The 1929 silent version, titled The Iron Mask, was the last silent film produced by, and starring, Douglas Fairbanks It starred Fairbanks as D'Artagnan, Marguerite de la Motte as his beloved Constance (who is killed early in the film to protect the secret that the King has a twin brother), Nigel De Brulier as the scheming Cardinal Richelieu, and Ulrich Haupt as the evil Count De Rochefort. William Bakewell appeared as the royal twins.

The original 1929 release, though a silent film, actually had a soundtrack: several short narrations delivered by Fairbanks (in a rather orotund manner -- it was no wonder he was much less successful in "talkies" than he had been in the silent era), and a musical score with a few sound effects. In 1952 it was reissued, with the printed intertitles removed and a narration voiced by Douglas Fairbanks, Jr. added.

In 1999, with the cooperation of the Library of Congress and the Museum of Modern Art, Kino Video released a DVD of the 1929 version. No film copy with the soundtrack of the Fairbanks speeches existed, but phonograph records of them did exist, so using digital techniques the sound from these was synchronized with film footage. For this reissue, a new score was commissioned from composer Henry Sharp. The Kino disk also includes excerpts from the 1952 version, some outtakes from the original filming, and some textual background material from the program for the 1999 premiere showing of the reconstruction.


The 1939 film was directed by James Whale. It starred Louis Hayward as the twins.


A 1977 television movie starred Richard Chamberlain as the twins, Patrick McGoohan as Fouquet, and Louis Jourdan as D'Artagnan.


The 1998 movie was written and directed by Randall Wallace. Its cast included Leonardo DiCaprio as the twins, Gabriel Byrne as D'Artagnan and Anne Parillaud as Anne of Austria. The three musketeers were portrayed by Jeremy Irons (Aramis), John Malkovich (Athos), and Gérard Depardieu (Porthos).

In this version the "man in the iron mask" is introduced as number 24601 - the prisoner number Victor Hugo gave to Jean Valjean, his character in Les Misérables.

Differences between versions

The novel and the filmed versions of the tale have some very interesting differences in how they portray the Royal Twins and in how the present the plot to switch them. It is well worth renting both the 1929 silent version and the 1998 remake, as well possibly as the 1977 television version, and contrast them with the novel and with one another.

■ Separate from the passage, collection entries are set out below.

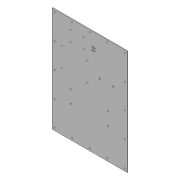
# Autodesk Inventor part: Board_Mounter
Saved by Autodesk Inventor 2020 (Build 240168000, 168)
## iProperties
Created: 2020-11-10
Part Number: Board_Mounter
Material: Generic
Document SubType Name: Modeling
Designer: magnarecta
Density: 1 g/cm^3
Appearance: Default
Author: magnarecta
Autodesk Inventor part; units mm, degrees
ref_plane "YZ Plane" through (0, 0, 0) normal (1, 0, 0) x (0, 1, 0)
ref_plane "XZ Plane" through (0, 0, 0) normal (0, 1, 0) x (-1, 0, 0)
ref_plane "XY Plane" through (0, 0, 0) normal (0, 0, 1) x (1, 0, 0)
sketch "Sketch2" plane through (0, 0, 0) normal (0, 0, 1) x (1, 0, 0)
  line L0 (150, -210) -> (-150, -210)
  line L1 (-150, -210) -> (-150, 210)
  line L2 (-150, 210) -> (150, 210)
  line L3 (150, 210) -> (150, -210)
  line L4 (150, -210) -> (-150, 210) construction
  line L5 (-150, -210) -> (150, 210) construction
  point P0 (0, 0)
  dimension "d4" = 420
  dimension "d5" = 300
  constraints: 12 end point, 2 midpoint, 2 parallel, 1 horizontal, 1 perpendicular
  measures "d4" distance of L2.end L0.start
  measures "d5" distance of L0.start L0.end
extrude "Extrusion2" add sketch "Sketch2" along normal blind 3
sketch "Sketch3" plane through (0, 0, 3) normal (0, 0, 1) x (1, 0, 0)
  line L0 (-150, 210) -> (-150, -210) projected
  line L1 (-150, -210) -> (150, -210) projected
  line L2 (150, -210) -> (150, 210) projected
  line L3 (150, 210) -> (-150, 210) projected
  line L4 (-140, 200) -> (-140, -200)
  line L5 (-140, -200) -> (140, -200)
  line L6 (140, -200) -> (140, 200)
  line L7 (140, 200) -> (-140, 200)
  point P0 (0, 0)
  point P1 (-70, 200)
  point P2 (-70, -200)
  point P3 (0, 200)
  point P4 (0, -200)
  point P5 (70, 200)
  point P6 (70, -200)
  dimension "d8" = 10
  dimension "d9" = 70
  dimension "d12" = 70
  constraints: 8 end point, 4 coincident, 2 point on line, 1 horizontal, 1 vertical alignment, 7 other
  measures "d8" distance between parallel lines of L3 L7
  measures "d9" distance from line of point (-70, 200) L4
  measures "d12" distance of point (-70, 200) point (0, 200)
hole "Hole1" at (-140, 200, 3) at (140, 200, 3) at (-140, -200, 3) at (140, -200, 3) at (-70, 200, 3) at (-70, -200, 3) at (0, 200, 3) at (70, 200, 3) at (70, -200, 3) at (0, -200, 3) direction (0, 0, -1) diameter 4.3 end through all
sketch "Sketch4" plane through (0, 0, 3) normal (0, 0, 1) x (1, 0, 0)
  line L0 (-75, -85) -> (75, -85)
  line L1 (75, -85) -> (75, -35)
  line L2 (75, -35) -> (-75, -35)
  line L3 (-75, -35) -> (-75, -85)
  line L4 (-75, -85) -> (75, -35) construction
  line L5 (75, -85) -> (-75, -35) construction
  line L6 (150, -210) -> (150, 210) projected
  line L7 (150, 210) -> (-150, 210) projected
  line L8 (-150, -210) -> (150, -210) projected
  point P0 (0, 0)
  point P1 (0, -60)
  dimension "d24" = 150
  dimension "d25" = 50
  dimension "d26" = 150
  dimension "d35" = 150
  constraints: 12 end point, 2 midpoint, 2 parallel, 1 horizontal, 1 perpendicular
  measures "d24" distance of L2.end L1.end
  measures "d25" distance of L1.end L0.end
  measures "d26" distance from line of L6 point (0, -60)
  measures "d35" distance from line of point (0, -60) L8
hole "Hole2" at (-75, -85, 3) at (-75, -35, 3) at (75, -85, 3) at (75, -35, 3) direction (0, 0, -1) diameter 4.3 end through all
sketch "Sketch5" plane through (0, 0, 3) normal (0, 0, 1) x (1, 0, 0)
  line L0 (-110.925, 21.95) -> (-9.075, 21.95)
  line L1 (-9.075, 21.95) -> (-9.075, 98.05)
  line L2 (-9.075, 98.05) -> (-110.925, 98.05)
  line L3 (-110.925, 98.05) -> (-110.925, 21.95)
  line L4 (-110.925, 21.95) -> (-9.075, 98.05) construction
  line L5 (-9.075, 21.95) -> (-110.925, 98.05) construction
  point P0 (0, 0)
  point P1 (-60, 60)
  dimension "d36" = 101.85
  dimension "d37" = 76.1
  dimension "d38" = 60
  dimension "d68" = 60
  constraints: 12 end point, 2 midpoint, 2 parallel, 1 horizontal, 1 perpendicular
  measures "d36" distance of L2.end L1.end
  measures "d37" distance of L1.end L0.end
  measures "d38" horizontal distance of point (-60, 60) point (0, 0)
  measures "d68" horizontal distance of point (-60, 60) point (0, 0)
hole "Hole3" at (-110.925, 98.05, 3) at (-110.925, 21.95, 3) at (-9.075, 21.95, 3) at (-9.075, 98.05, 3) direction (0, 0, -1) diameter 3.2 end through all
sketch "Sketch6" plane through (0, 0, 3) normal (0, 0, 1) x (1, 0, 0)
  line L0 (-24, 129) -> (-76, 129)
  line L1 (-76, 129) -> (-76, 171)
  line L2 (-76, 171) -> (-24, 171)
  line L3 (-24, 171) -> (-24, 129)
  line L4 (-24, 129) -> (-76, 171) construction
  line L5 (-76, 129) -> (-24, 171) construction
  point P0 (0, 0)
  point P1 (-50, 150)
  dimension "d48" = 52
  dimension "d49" = 42
  dimension "d50" = 150
  dimension "d51" = 50
  constraints: 12 end point, 2 midpoint, 2 parallel, 1 horizontal, 1 perpendicular
  measures "d48" distance of L1.end L2.end
  measures "d49" distance of L0.end L1.end
  measures "d50" vertical distance of point (-50, 150) point (0, 0)
  measures "d51" horizontal distance of point (-50, 150) point (0, 0)
hole "Hole4" at (-24, 129, 3) at (-24, 171, 3) at (-76, 129, 3) at (-76, 171, 3) direction (0, 0, -1) diameter 3.2 end through all
sketch "Sketch7" plane through (0, 0, 3) normal (0, 0, 1) x (1, 0, 0)
  circle A0 centre (-76, 129) radius 1.6 projected
  circle A1 centre (-24, 129) radius 1.6 projected
  circle A2 centre (-24, 171) radius 1.6 projected
  circle A3 centre (-76, 171) radius 1.6 projected
  circle A4 centre (-9.075, 21.95) radius 1.6 projected
  circle A5 centre (-110.925, 98.05) radius 1.6 projected
  circle A6 centre (-110.925, 21.95) radius 1.6 projected
  circle A7 centre (-9.075, 98.05) radius 1.6 projected
  circle A8 centre (75, -85) radius 2.15 projected
  circle A9 centre (-75, -85) radius 2.15 projected
  circle A10 centre (-75, -35) radius 2.15 projected
  circle A11 centre (75, -35) radius 2.15 projected
  circle A12 centre (70, -200) radius 2.15 projected
  circle A13 centre (0, 200) radius 2.15 projected
  circle A14 centre (-70, 200) radius 2.15 projected
  circle A15 centre (-140, -200) radius 2.15 projected
  circle A16 centre (-140, 200) radius 2.15 projected
  circle A17 centre (140, 200) radius 2.15 projected
  circle A18 centre (140, -200) radius 2.15 projected
  circle A19 centre (-70, -200) radius 2.15 projected
  circle A20 centre (70, 200) radius 2.15 projected
  circle A21 centre (0, -200) radius 2.15 projected
  line L0 (-150, 210) -> (-150, -210) projected
  line L1 (-150, -210) -> (150, -210) projected
  line L2 (150, -210) -> (150, 210) projected
  line L3 (150, 210) -> (-150, 210) projected
  circle A22 centre (-110.925, 21.95) radius 1.6 projected
  circle A23 centre (-110.925, 98.05) radius 1.6 projected
  line L4 (-110.925, 21.95) -> (-110.925, 98.05)
  point P0 (0, 0)
  point P1 (40, 60)
  point P2 (95, 60)
  point P3 (-110.925, 60)
  dimension "d59" = 55
  dimension "d69" = 40
  constraints: 2 end point, 2 horizontal alignment, 1 midpoint, 1 vertical
  measures "d59" distance of point (40, 60) point (95, 60)
  measures "d69" horizontal distance of point (40, 60) point (0, 0)
hole "Hole5" at (40, 60, 3) at (95, 60, 3) direction (0, 0, -1) diameter 5 end through all
sketch "Sketch8" plane through (0, 0, 3) normal (0, 0, 1) x (1, 0, 0)
  circle A0 centre (40, 60) radius 2.5 projected
  circle A1 centre (95, 60) radius 2.5 projected
  circle A2 centre (-76, 129) radius 1.6 projected
  circle A3 centre (-24, 129) radius 1.6 projected
  circle A4 centre (-24, 171) radius 1.6 projected
  circle A5 centre (-76, 171) radius 1.6 projected
  circle A6 centre (-9.075, 21.95) radius 1.6 projected
  circle A7 centre (-110.925, 98.05) radius 1.6 projected
  circle A8 centre (-110.925, 21.95) radius 1.6 projected
  circle A9 centre (-9.075, 98.05) radius 1.6 projected
  circle A10 centre (75, -85) radius 2.15 projected
  circle A11 centre (-75, -85) radius 2.15 projected
  circle A12 centre (-75, -35) radius 2.15 projected
  circle A13 centre (75, -35) radius 2.15 projected
  circle A14 centre (70, -200) radius 2.15 projected
  circle A15 centre (0, 200) radius 2.15 projected
  circle A16 centre (-70, 200) radius 2.15 projected
  circle A17 centre (-140, -200) radius 2.15 projected
  circle A18 centre (-140, 200) radius 2.15 projected
  circle A19 centre (140, 200) radius 2.15 projected
  circle A20 centre (140, -200) radius 2.15 projected
  circle A21 centre (-70, -200) radius 2.15 projected
  circle A22 centre (70, 200) radius 2.15 projected
  circle A23 centre (0, -200) radius 2.15 projected
  line L0 (-150, 210) -> (-150, -210) projected
  line L1 (-150, -210) -> (150, -210) projected
  line L2 (150, -210) -> (150, 210) projected
  line L3 (150, 210) -> (-150, 210) projected
  line L4 (-140, -200) -> (-140, 200)
  line L5 (-140, 200) -> (140, 200)
  line L6 (140, 200) -> (140, -200)
  line L7 (140, -200) -> (-140, -200)
  point P0 (0, 0)
  point P1 (-140, 0)
  point P2 (-140, -100)
  point P3 (-140, 100)
  point P4 (140, 100)
  point P5 (140, 0)
  point P6 (140, -100)
  dimension "d26" = 150
  dimension "d70" = 10
  dimension "d71" = 100
  dimension "d72" = 100
  constraints: 8 end point, 4 point on line, 2 horizontal alignment, 2 midpoint, 3 other
  measures "d70" distance between parallel lines of L0 L4
  measures "d71" distance from line of point (-140, -100) L7
  measures "d72" distance of point (-140, 100) point (-140, 0)
hole "Hole6" at (-140, 0, 3) at (-140, -100, 3) at (-140, 100, 3) at (140, 100, 3) at (140, 0, 3) at (140, -100, 3) direction (0, 0, -1) diameter 4.2 end through all
sketch "Sketch9" plane through (0, 0, 3) normal (0, 0, 1) x (1, 0, 0)
  circle A0 centre (140, 0) radius 2.1 projected
  circle A1 centre (-140, 100) radius 2.1 projected
  circle A2 centre (-140, 0) radius 2.1 projected
  circle A3 centre (-140, -100) radius 2.1 projected
  circle A4 centre (140, 100) radius 2.1 projected
  circle A5 centre (140, -100) radius 2.1 projected
  circle A6 centre (40, 60) radius 2.5 projected
  circle A7 centre (95, 60) radius 2.5 projected
  circle A8 centre (-76, 129) radius 1.6 projected
  circle A9 centre (-24, 129) radius 1.6 projected
  circle A10 centre (-24, 171) radius 1.6 projected
  circle A11 centre (-76, 171) radius 1.6 projected
  circle A12 centre (-9.075, 21.95) radius 1.6 projected
  circle A13 centre (-110.925, 98.05) radius 1.6 projected
  circle A14 centre (-110.925, 21.95) radius 1.6 projected
  circle A15 centre (-9.075, 98.05) radius 1.6 projected
  circle A16 centre (75, -85) radius 2.15 projected
  circle A17 centre (-75, -85) radius 2.15 projected
  circle A18 centre (-75, -35) radius 2.15 projected
  circle A19 centre (75, -35) radius 2.15 projected
  circle A20 centre (70, -200) radius 2.15 projected
  circle A21 centre (0, 200) radius 2.15 projected
  circle A22 centre (-70, 200) radius 2.15 projected
  circle A23 centre (-140, -200) radius 2.15 projected
  circle A24 centre (-140, 200) radius 2.15 projected
  circle A25 centre (140, 200) radius 2.15 projected
  circle A26 centre (140, -200) radius 2.15 projected
  circle A27 centre (-70, -200) radius 2.15 projected
  circle A28 centre (70, 200) radius 2.15 projected
  circle A29 centre (0, -200) radius 2.15 projected
  line L0 (-150, 210) -> (-150, -210) projected
  line L1 (-150, -210) -> (150, -210) projected
  line L2 (150, -210) -> (150, 210) projected
  line L3 (150, 210) -> (-150, 210) projected
  line L4 (11.125, 145) -> (20.875, 145) construction
  line L5 (11.125, 143.5) -> (20.875, 143.5)
  line L6 (20.875, 146.5) -> (11.125, 146.5)
  arc A30 (11.125, 146.5) -> (11.125, 143.5) centre (11.125, 145) ccw
  arc A31 (20.875, 143.5) -> (20.875, 146.5) centre (20.875, 145) ccw
  line L7 (20.875, 155) -> (11.125, 155) construction
  line L8 (20.875, 156.5) -> (11.125, 156.5)
  line L9 (11.125, 153.5) -> (20.875, 153.5)
  arc A32 (20.875, 153.5) -> (20.875, 156.5) centre (20.875, 155) ccw
  arc A33 (11.125, 156.5) -> (11.125, 153.5) centre (11.125, 155) ccw
  circle A34 centre (-24, 129) radius 1.6 projected
  circle A35 centre (-24, 171) radius 1.6 projected
  line L10 (-24, 129) -> (-24, 171)
  point P0 (0, 0)
  point P1 (16, 145)
  point P2 (16, 155)
  point P3 (-24, 150)
  dimension "d80" = 1.5
  dimension "d81" = 1.5
  dimension "d82" = 10
  dimension "d83" = 5
  dimension "d84" = 40
  constraints: 18 end point, 8 point on circle, 8 tangent, 4 centre point, 3 midpoint, 3 parallel, 2 vertical alignment, 1 horizontal, 1 vertical
  measures "d80" radius of A32
  measures "d81" radius of A31
  measures "d82" distance between parallel lines of L7 L4
  measures "d83" distance from line of L7 point (-24, 150)
  measures "d84" distance from line of point (16, 155) L10
extrude "Extrusion3" cut sketch "Sketch9" against normal blind 3 contours A30 L6 A31 L5 | A32 L9 A33 L8
body "Solid2"

In Dumas' original novel, although the plot to replace King Louis XIV with his twin brother is foiled, the twin brother is depicted as a much more sympathetic character than the King. In the 1929 silent version starring Douglas Fairbanks as D'Artagnan, the King is depicted favorably and the twin brother is depicted as a pawn in an evil plot, so the plot's being foiled by D'Artagnan and his Three Musketeer friends is made to seem condign.

But in the 1998 version, the King is depicted very negatively while his twin brother is portrayed with considerable sympathy. So the plot to switch the two brothers is presented as an attempt to save France from a very bad king, by replacing him with the one man in France who has an equal claim. D'Artagnan finds himself torn between loyalty to his King and loyalty to his Three Musketeer friends; the way in which this conflict is resolved provides much of the dramatic tension in this version.